SAM/BAM files are that kind of files with hidden treasures that needs to be unrevealed for the inexperienced user. That is me...
My case. After analyzing a BAM file when asking myself how many reads' mates remain unmapped
One possibility to answer this is by analyzing the FLAG values with samtools.
I understand FLAGS are formed by an unique combination of many other individual flags. So, all of these FLAGS values: 73, 89, 121, 153, 185, 137, 77, 141 and so on, contain the "8" , that in turn, should be indicating that the mate read remains unmapped. I got this information from this WEB page to get an idea about what information the FLAGS can provide
Now a summary..To answer this question I have analyzed a unique BAM file in two ways
- One is by counting the number of
*
present in column 7 (RNEXT value), because in agreement with the official SAM file specification, this could mean that your mate can be unmapped (This field is set as `` when the information is unavailable*). In this case, I got over 65000 sequences that could be unmapped - However, if I run
samtools view file.bam -f 8 | wc -l
, I ended with only 2903 sequences.
One possibility is that when using the -f
option, the program is looking for a lonely "8" in the FLAG field. But if I look in column 2 in the BAM file, I don't find any FLAG with only that lonely 8. That convinced me that the samtools view -f FLAG
try to find any combination of FLAG values that intrinsically contains that 8, and thus, it should provide with the information about how many mates are being unmapped
With all this information, I still are not fully confident in knowing what are the right answer to this question. Or I have serious doubts about what is the usefulness of using the -f
qualificator in the samtools view
command.
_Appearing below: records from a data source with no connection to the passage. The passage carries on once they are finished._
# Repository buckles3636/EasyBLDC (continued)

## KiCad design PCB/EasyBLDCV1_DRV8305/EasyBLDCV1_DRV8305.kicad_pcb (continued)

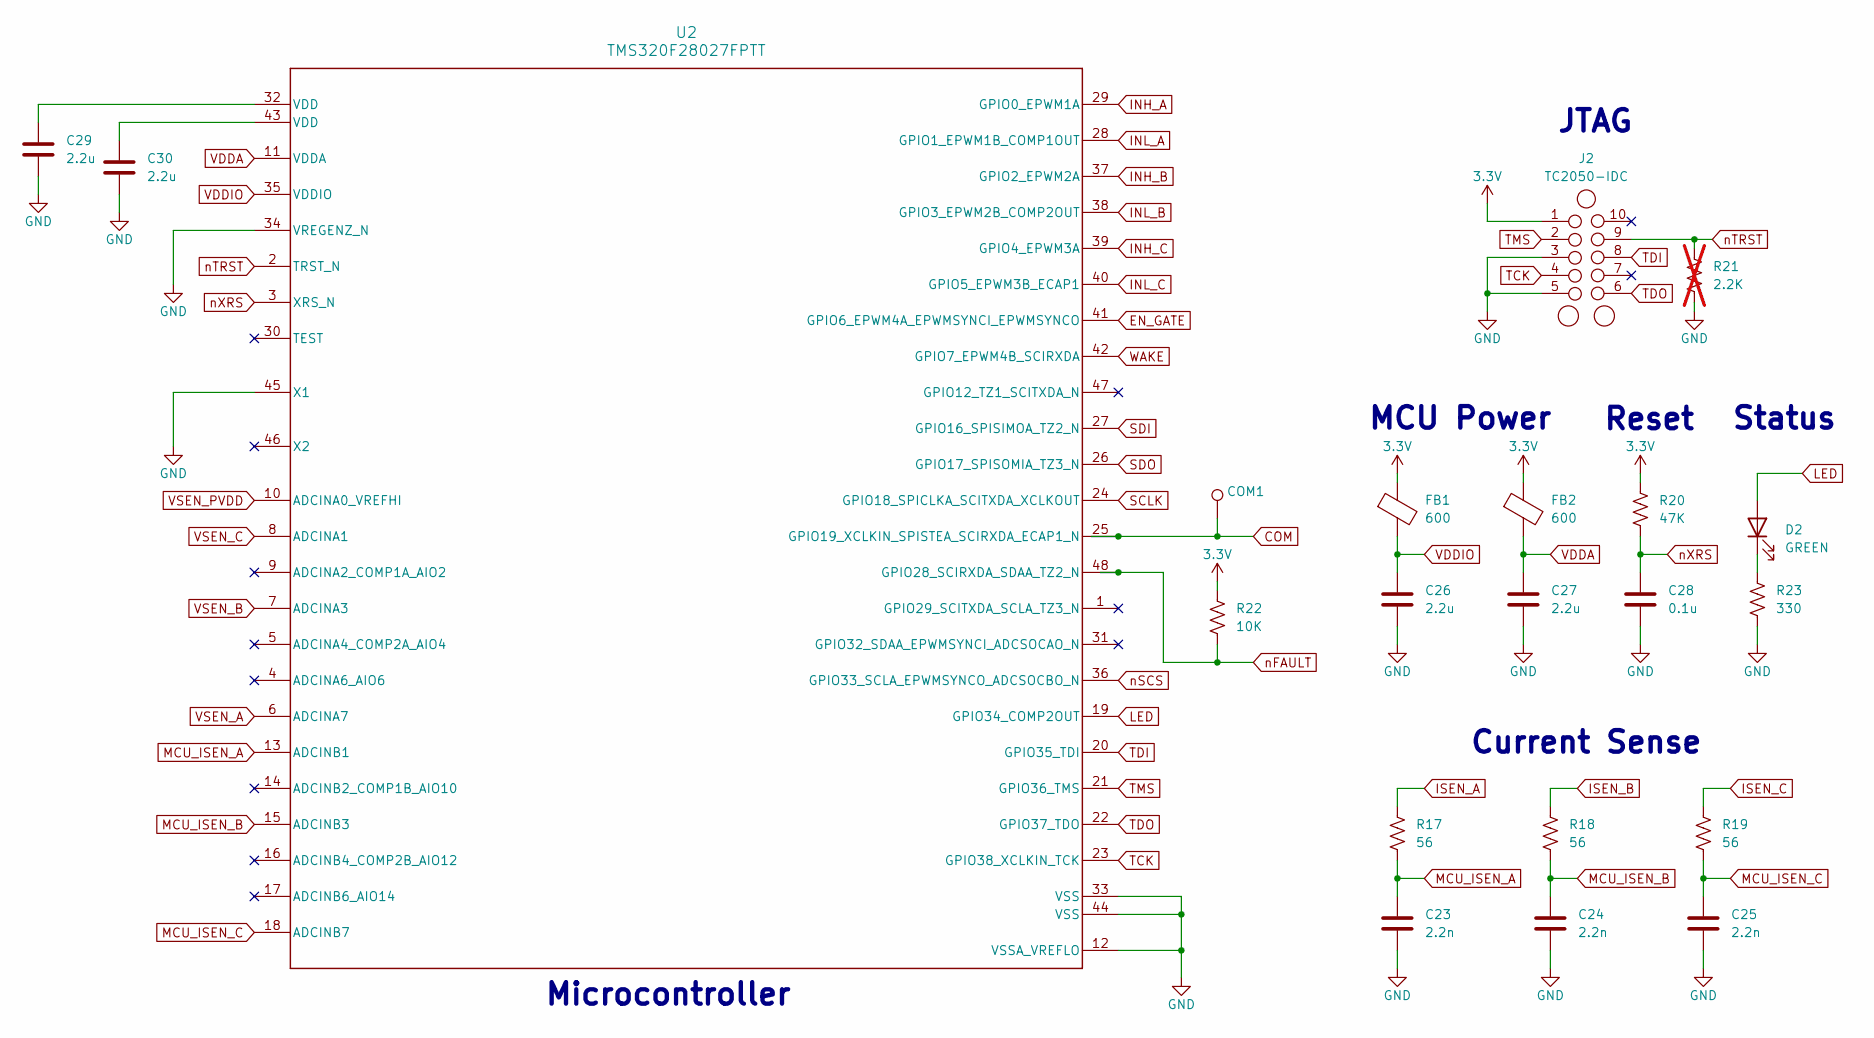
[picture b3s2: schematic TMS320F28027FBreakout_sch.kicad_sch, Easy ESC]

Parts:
C23, C24, C25: 2.2n; C_0402_1005Metric
C26, C27, C29, C30: 2.2u; C_0603_1608Metric
C28: 0.1u; C_0402_1005Metric
COM1: TestPoint; TestPoint_Pad_D2.0mm
D2: GREEN; LED_0805_2012Metric
FB1, FB2: 600; L_0603_1608Metric
J2: TC2050-IDC; Tag-Connect_TC2050-IDC-NL_2x05_P1.27mm_Vertical
R17, R18, R19: 56; R_0402_1005Metric
R20: 47K; R_0603_1608Metric
R21: 2.2K; R_0603_1608Metric; not fitted
R22: 10K; R_0603_1608Metric
R23: 330; R_0603_1608Metric
U2: TMS320F28027FPTT; PT0048A_N

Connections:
3.3V: FB1.1, FB2.1, J2.1, R20.1, R22.1; also elsewhere on the board
COM: COM1.1, U2.25 (GPIO19_XCLKIN_SPISTEA_SCIRXDA_ECAP1_N); also elsewhere on the board
EN_GATE: U2.41 (GPIO6_EPWM4A_EPWMSYNCI_EPWMSYNCO); also elsewhere on the board
GND: C23.2, C24.2, C25.2, C26.2, C27.2, C28.2, C29.2, C30.2, J2.3, J2.5, R21.2, R23.2, U2.12 (VSSA_VREFLO), U2.33 (VSS), U2.34 (VREGENZ_N), U2.44 (VSS), U2.45 (X1); also elsewhere on the board
INH_A: U2.29 (GPIO0_EPWM1A); also elsewhere on the board
INH_B: U2.37 (GPIO2_EPWM2A); also elsewhere on the board
INH_C: U2.39 (GPIO4_EPWM3A); also elsewhere on the board
INL_A: U2.28 (GPIO1_EPWM1B_COMP1OUT); also elsewhere on the board
INL_B: U2.38 (GPIO3_EPWM2B_COMP2OUT); also elsewhere on the board
INL_C: U2.40 (GPIO5_EPWM3B_ECAP1); also elsewhere on the board
ISEN_A: R17.1; also elsewhere on the board
ISEN_B: R18.1; also elsewhere on the board
ISEN_C: R19.1; also elsewhere on the board
LED: D2.2 (A), U2.19 (GPIO34_COMP2OUT)
MCU_ISEN_A: C23.1, R17.2, U2.13 (ADCINB1)
MCU_ISEN_B: C24.1, R18.2, U2.15 (ADCINB3)
MCU_ISEN_C: C25.1, R19.2, U2.18 (ADCINB7)
unnamed: C29.1, U2.32 (VDD)
unnamed: C30.1, U2.43 (VDD)
unnamed: D2.1 (K), R23.1
SCLK: U2.24 (GPIO18_SPICLKA_SCITXDA_XCLKOUT); also elsewhere on the board
SDI: U2.27 (GPIO16_SPISIMOA_TZ2_N); also elsewhere on the board
SDO: U2.26 (GPIO17_SPISOMIA_TZ3_N); also elsewhere on the board
TCK: J2.4, U2.23 (GPIO38_XCLKIN_TCK)
TDI: J2.8, U2.20 (GPIO35_TDI)
TDO: J2.6, U2.22 (GPIO37_TDO)
TMS: J2.2, U2.21 (GPIO36_TMS)
VDDA: C27.1, FB2.2, U2.11 (VDDA)
VDDIO: C26.1, FB1.2, U2.35 (VDDIO)
VSEN_A: U2.6 (ADCINA7); also elsewhere on the board
VSEN_B: U2.7 (ADCINA3); also elsewhere on the board
VSEN_C: U2.8 (ADCINA1); also elsewhere on the board
VSEN_PVDD: U2.10 (ADCINA0_VREFHI); also elsewhere on the board
WAKE: U2.42 (GPIO7_EPWM4B_SCIRXDA); also elsewhere on the board
nFAULT: R22.2, U2.48 (GPIO28_SCIRXDA_SDAA_TZ2_N); also elsewhere on the board
nSCS: U2.36 (GPIO33_SCLA_EPWMSYNCO_ADCSOCBO_N); also elsewhere on the board
nTRST: J2.9, R21.1, U2.2 (TRST_N)
nXRS: C28.1, R20.2, U2.3 (XRS_N)

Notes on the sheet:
MCU Power
Current Sense
Reset
Status
Microcontroller
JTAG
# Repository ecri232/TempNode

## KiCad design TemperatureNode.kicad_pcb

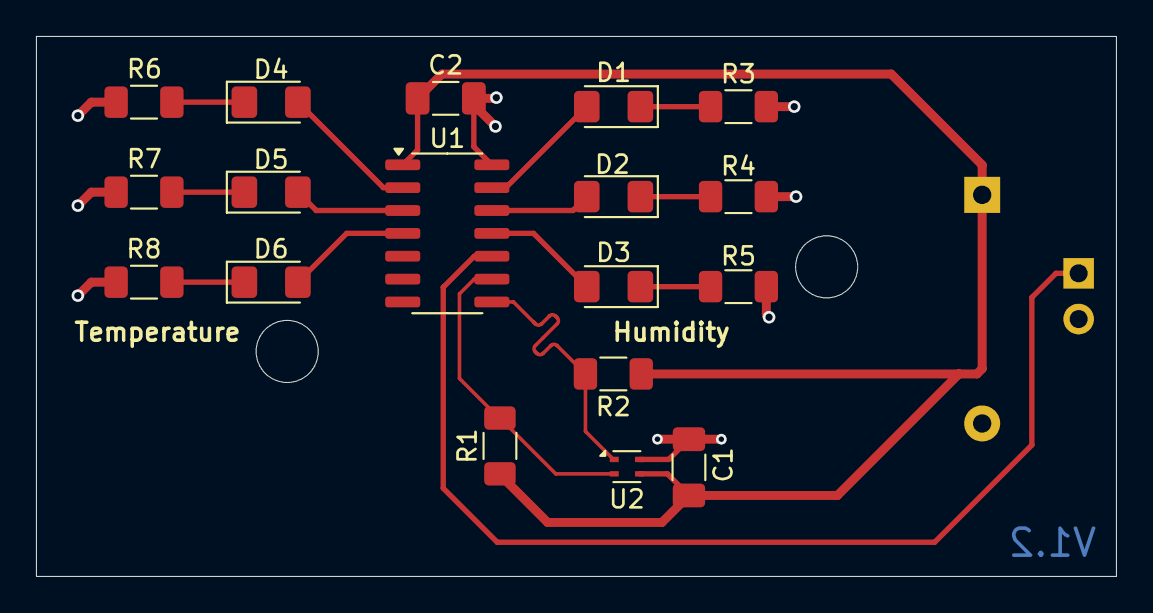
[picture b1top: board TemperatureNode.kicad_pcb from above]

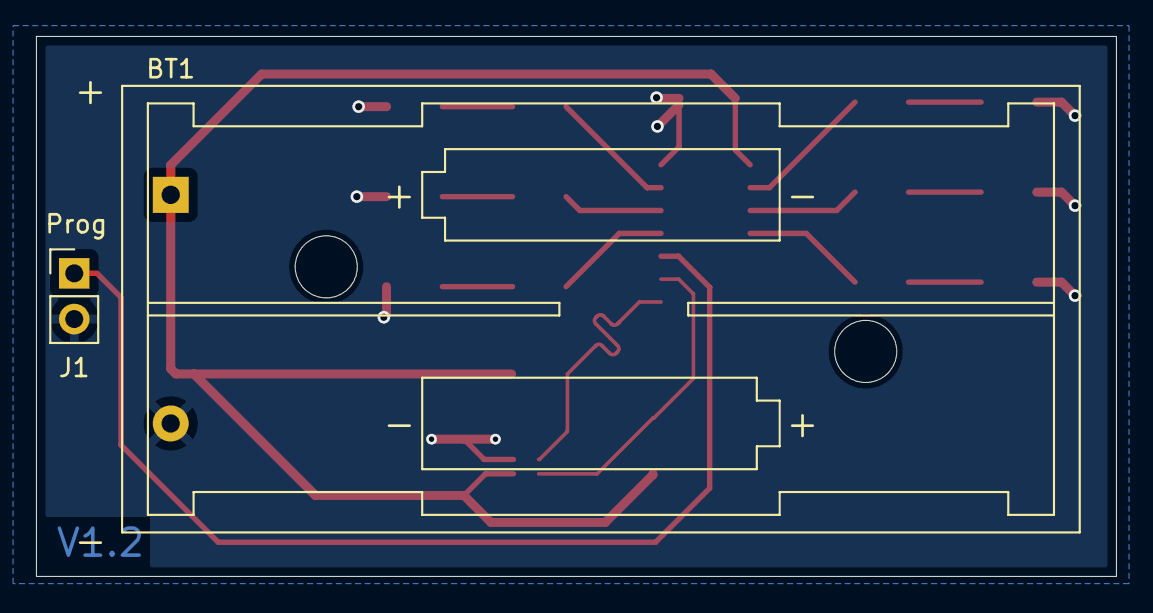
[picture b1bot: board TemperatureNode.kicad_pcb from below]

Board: 2 copper layers, 60.0 x 30.0 mm, 20 parts (2 on the bottom side), 17 nets.

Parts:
BT1: Battery; BatteryHolder_Keystone_2468_2xAAA
C1, C2: 100nF; C_1206_3216Metric_Pad1.33x1.80mm_HandSolder
D1, D2, D3, D4, D5, D6: LED; LED_1206_3216Metric_Pad1.42x1.75mm_HandSolder
J1: Conn_01x02_Pin; PinHeader_1x02_P2.54mm_Vertical
R1, R2: 10k; R_1206_3216Metric_Pad1.30x1.75mm_HandSolder
R3, R4, R6, R7: 60.4; R_1206_3216Metric_Pad1.30x1.75mm_HandSolder
R5, R8: 300; R_1206_3216Metric_Pad1.30x1.75mm_HandSolder
U1: ATtiny414-SS; SOIC-14_3.9x8.7mm_P1.27mm
U2: SHT40-AD1B-R3; Sensirion_DFN-4_1.5x1.5mm_P0.8mm_SHT4x_NoCentralPad

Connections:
+3.3V: BT1.1 (+), C1.1, C2.1, R1.1, R2.1, U1.1 (VCC), U2.3 (VDD)
/UPDI: J1.1, U1.10 (~RESET/PA0)
GND: BT1.2 (-), C1.2, C2.2, J1.2, R3.2, R4.2, R5.2, R6.2, R7.2, R8.2, U1.14 (GND), U2.4 (VSS)
unnamed: D1.2 (A), U1.13 (PA3)
unnamed: D1.1 (K), R3.1
unnamed: D2.2 (A), U1.12 (PA2)
unnamed: D2.1 (K), R4.1
unnamed: D3.2 (A), U1.11 (PA1)
unnamed: D3.1 (K), R5.1
unnamed: D4.2 (A), U1.2 (PA4)
unnamed: D4.1 (K), R6.1
unnamed: D5.2 (A), U1.3 (PA5)
unnamed: D5.1 (K), R7.1
unnamed: D6.2 (A), U1.4 (PA6)
unnamed: D6.1 (K), R8.1
unnamed: R1.2, U1.9 (PB0), U2.2 (SCL)
unnamed: R2.2, U1.8 (PB1), U2.1 (SDA)

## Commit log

2024-03-04 Intial commit, v1
2024-03-08 Changed I2C routing to match length and eliminate via
2024-03-09 Added calculations file and updated I2C routing for more clearance

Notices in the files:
TemperatureNode.kicad_pcb:
creativecommons.org/licenses/by/4.0
License: CC BY 4.0

Or maybe, many other "lonely" flags should be included in the searching because I miss some important information and/or the orientation do not seem to matter when the BAM file is generated
So what is exactly providing the
*
value in the 7th column ?Just "more robust" being said, I understand you believe that the 2903 answer is the correct one
The asterisk is from the aligner, each of which has different quirks in its output. For example, I recall that some aligners won't set mate alignment information if it aligners mates as singletons, though I don't recall exactly which ones do this.